(Dataset excerpts)
┄┄┄┄┄┄┄┄┄┄┄┄┄┄┄┄┄┄┄┄

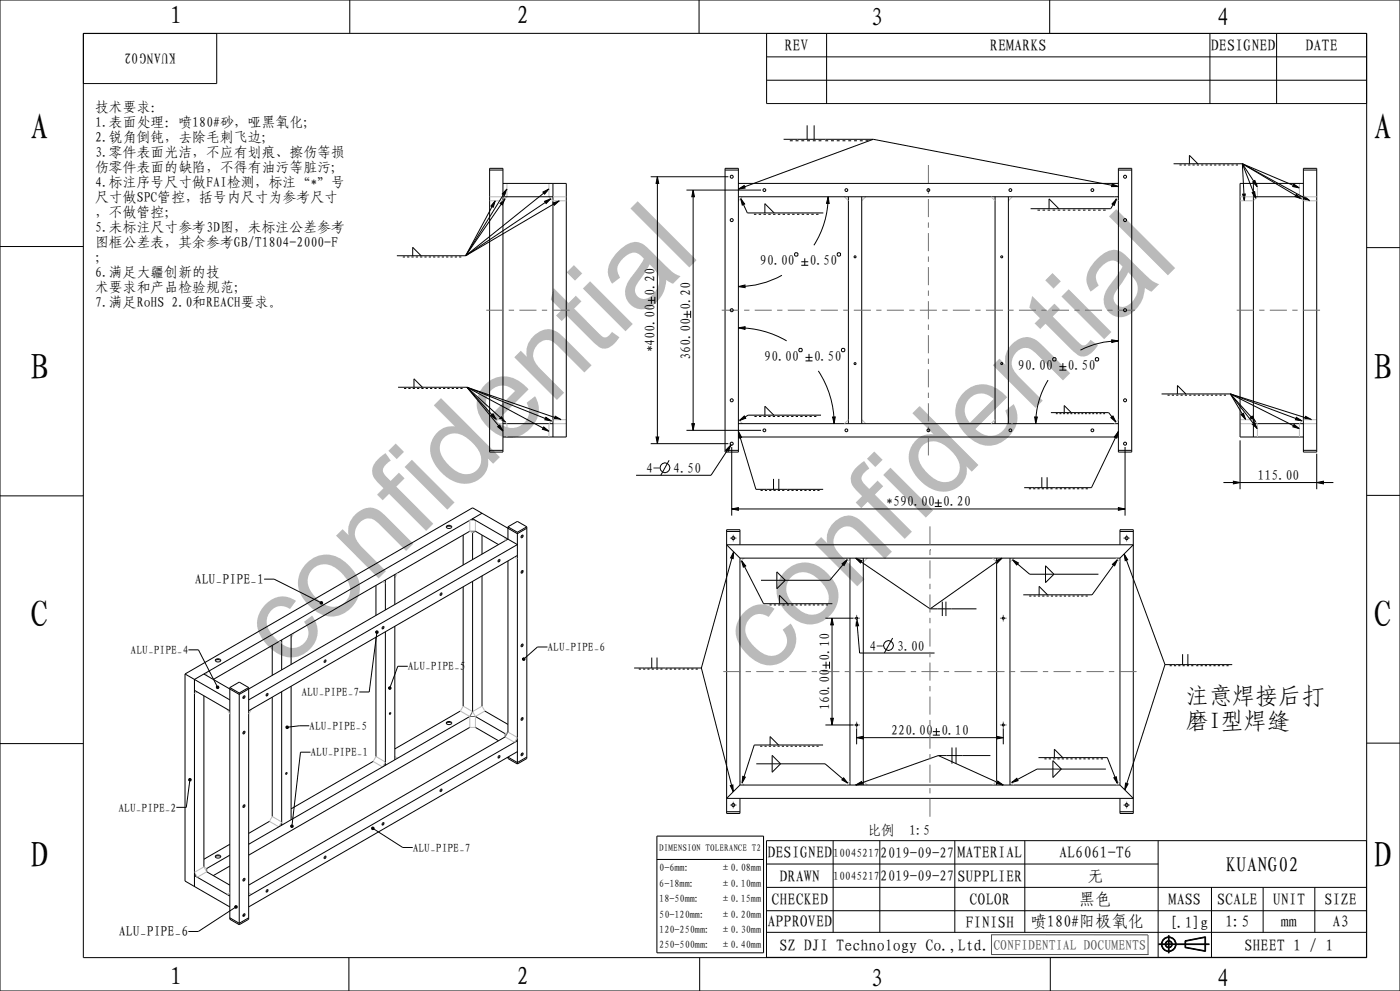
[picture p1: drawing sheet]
<svg xmlns="http://www.w3.org/2000/svg" width="420mm" height="297mm" viewBox="0 0 420 297" stroke-linecap="round" stroke-linejoin="round" font-family="sans-serif">
<g fill="none" stroke="#000" stroke-width=".3">
<path d="M0 0h420v297h-420zM25 10h385v277h-385zM25 10h40v15h-40zM104.9 0v10M209.7 0v10M230 10h180v21h-180zM230 17h180M248 10v21M314.9 0v10M363 10v21M383 10v21M230 24h180"/>
<path d="M242.1 37.6v4.2M244.2 37.6v4.2M146.9 50.4h4v85.1h-4zM146.9 51h4M150.9 55h19v76h-19M150.9 59h15M151.5 59.6l-11.8 17M152.1 56.6l-.7 1.9-.7-.4zM152.1 56.6l-12.4 20M162.9 57.6l1.8-1-1.3 1.6zM164.7 56.6l-25 20M165.3 59.5l-25.6 17.1"/>
<path d="M165.9 55v76M195.2 53h23.3M197.2 53l.4 2h-.8zM197.2 53v80M205.9 57h22.4M207.9 57l.4 2h-.8zM207.9 57v72M217.5 50.4h4v85.1h-4zM217.5 51h4M221.5 56.7l1.8-1.1 .2 .8zM221.5 59h114M221.5 55h114"/>
<path d="M222.2 59.5l1.2 1.6-.7 .4zM222.2 59.5l2 4.3h22.8M235.1 41.7h26.9M237 42.2h.8M238.7 42.2h.8M240.4 42.2h.9M242.1 42.2h.9M243.8 42.2h.9M245.6 42.2h.8M247.6 42.2h.8M248.4 59l.4 2h-.8zM248.4 59a26.9 26.9 0 0 1-4.2 14.5"/>
<path d="M249.3 42.2h.9M251 42.2h.9M252.8 42.2h.8M254.5 42.2h.9M254.5 59v68M256.2 42.2h.9M258 42.2h.8M258.5 59v68M259.7 42.2h.9M262 41.7l-40.5 15M262 41.7l73.5 14.2M298.5 59v68"/>
<path d="M302.5 59v68M333.6 55.1l1.9 .8h-2zM335 59.6l-.7 1.9-.7-.4zM335 59.6l-1.8 2.9h-24M335.5 50.4h4v85.1h-4zM335.5 51h4M352.1 49.1h20.6M353.8 49.4h.7M355.1 49.4h.7M356.4 49.4h.7M356.8 49.1v-2.5l2.5 2.5M357.7 49.4h.7"/>
<path d="M359 49.4h.7M360.3 49.4h.7M361.6 49.4h.7M362.9 49.4h.7M364.2 49.4h.7M365.5 49.4h.7M366.8 49.4h.7M368.1 49.4h.7M369.4 49.4h.7M370.7 49.4h.7M372.7 49.1l17.7 10.5M372.7 49.1l4 10.3"/>
<path d="M372.7 49.1l.6 11.1M372.7 49.1l20.2 11.1M372.7 49.1l17.1 7.2M372.7 49.1l4.5 6.9M372.8 58.2h.8l-.3 2zM375.6 57.7l.8-.3 .3 2zM375.8 54.5l.7-.4 .7 1.9zM376 59h15M376 55v76M388.1 55.2l1.7 1.1-2-.4zM388.9 58.2l1.5 1.4-1.9-.7zM391 50.4h4v85.1h-4z"/>
<path d="M391 55h-19v76h19M391 51h4M391.4 58.9l1.5 1.3-1.9-.6zM0 73.9h25M119.1 76.6h20.6M120.8 77h.7M122.1 77h.7M123.4 77h.7M123.8 76.6v-2.5l2.5 2.5M124.7 77h.7M126 77h.7M127.3 77h.7"/>
<path d="M128.6 77h.7M129.9 77h.7M131.2 77h.7M132.5 77h.7M133.8 77h.7M135.1 77h.7M136.4 77h.7M137.7 77h.7M148.6 60.2l-.6 1.9-.7-.4zM148.6 60.2l-8.9 16.4M150 61l1.5-1.4-.8 1.8zM163.4 60.3l1.9-.8-1.5 1.5z"/>
<path d="M165.9 60.8l1.9-.6-1.5 1.3zM167.8 60.2l-28.1 16.4M226.2 64.2h.7M227.6 64.2h.7M229 64.2h.8M229.5 63.8v-2.8l2.7 2.8M230.5 64.2h.7M231.9 64.2h.7M233.4 64.2h.7M234.8 64.2h.7M236.2 64.2h.7M237.7 64.2h.7"/>
<path d="M238.6 75.8h.5l.3 .2v.5l-.3 .3h-.5l-.2-.3v-.5zM239.1 64.2h.7M240.4 78.5h2.1M240.4 79.5h2.1M240.5 64.2h.7M241.4 77.4v2.1M242 64.2h.7M243.4 64.2h.7M244.8 64.2h.7M251.4 75.8h.5l.3 .2v.5l-.3 .3h-.5l-.2-.3v-.5zM311.3 63h.7M312.8 63h.7"/>
<path d="M314.3 63h.7M314.7 62.5v-2.9l3 2.9M315.8 63h.8M317.3 63h.8M318.8 63h.8M320.3 63h.8M321.9 63h.7M323.4 63h.7M324.9 63h.7M326.4 63h.8M327.9 63h.8M329.4 63h.8"/>
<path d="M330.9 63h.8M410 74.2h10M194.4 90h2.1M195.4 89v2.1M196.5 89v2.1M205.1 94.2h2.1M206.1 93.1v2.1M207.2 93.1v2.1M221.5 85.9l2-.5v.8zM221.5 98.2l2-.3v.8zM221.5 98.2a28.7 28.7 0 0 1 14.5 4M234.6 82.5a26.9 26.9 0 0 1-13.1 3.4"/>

┄┄┄┄┄┄┄┄┄┄┄┄┄┄┄┄┄┄┄┄

Brief.
Would you repeat, exactly and with nothing added, every line from the line containing "49.1l.6 11.1M372.7 49.1l20.2" through the last line of the records above?

Solution for this task.
<path d="M372.7 49.1l.6 11.1M372.7 49.1l20.2 11.1M372.7 49.1l17.1 7.2M372.7 49.1l4.5 6.9M372.8 58.2h.8l-.3 2zM375.6 57.7l.8-.3 .3 2zM375.8 54.5l.7-.4 .7 1.9zM376 59h15M376 55v76M388.1 55.2l1.7 1.1-2-.4zM388.9 58.2l1.5 1.4-1.9-.7zM391 50.4h4v85.1h-4z"/>
<path d="M391 55h-19v76h19M391 51h4M391.4 58.9l1.5 1.3-1.9-.6zM0 73.9h25M119.1 76.6h20.6M120.8 77h.7M122.1 77h.7M123.4 77h.7M123.8 76.6v-2.5l2.5 2.5M124.7 77h.7M126 77h.7M127.3 77h.7"/>
<path d="M128.6 77h.7M129.9 77h.7M131.2 77h.7M132.5 77h.7M133.8 77h.7M135.1 77h.7M136.4 77h.7M137.7 77h.7M148.6 60.2l-.6 1.9-.7-.4zM148.6 60.2l-8.9 16.4M150 61l1.5-1.4-.8 1.8zM163.4 60.3l1.9-.8-1.5 1.5z"/>
<path d="M165.9 60.8l1.9-.6-1.5 1.3zM167.8 60.2l-28.1 16.4M226.2 64.2h.7M227.6 64.2h.7M229 64.2h.8M229.5 63.8v-2.8l2.7 2.8M230.5 64.2h.7M231.9 64.2h.7M233.4 64.2h.7M234.8 64.2h.7M236.2 64.2h.7M237.7 64.2h.7"/>
<path d="M238.6 75.8h.5l.3 .2v.5l-.3 .3h-.5l-.2-.3v-.5zM239.1 64.2h.7M240.4 78.5h2.1M240.4 79.5h2.1M240.5 64.2h.7M241.4 77.4v2.1M242 64.2h.7M243.4 64.2h.7M244.8 64.2h.7M251.4 75.8h.5l.3 .2v.5l-.3 .3h-.5l-.2-.3v-.5zM311.3 63h.7M312.8 63h.7"/>
<path d="M314.3 63h.7M314.7 62.5v-2.9l3 2.9M315.8 63h.8M317.3 63h.8M318.8 63h.8M320.3 63h.8M321.9 63h.7M323.4 63h.7M324.9 63h.7M326.4 63h.8M327.9 63h.8M329.4 63h.8"/>
<path d="M330.9 63h.8M410 74.2h10M194.4 90h2.1M195.4 89v2.1M196.5 89v2.1M205.1 94.2h2.1M206.1 93.1v2.1M207.2 93.1v2.1M221.5 85.9l2-.5v.8zM221.5 98.2l2-.3v.8zM221.5 98.2a28.7 28.7 0 0 1 14.5 4M234.6 82.5a26.9 26.9 0 0 1-13.1 3.4"/>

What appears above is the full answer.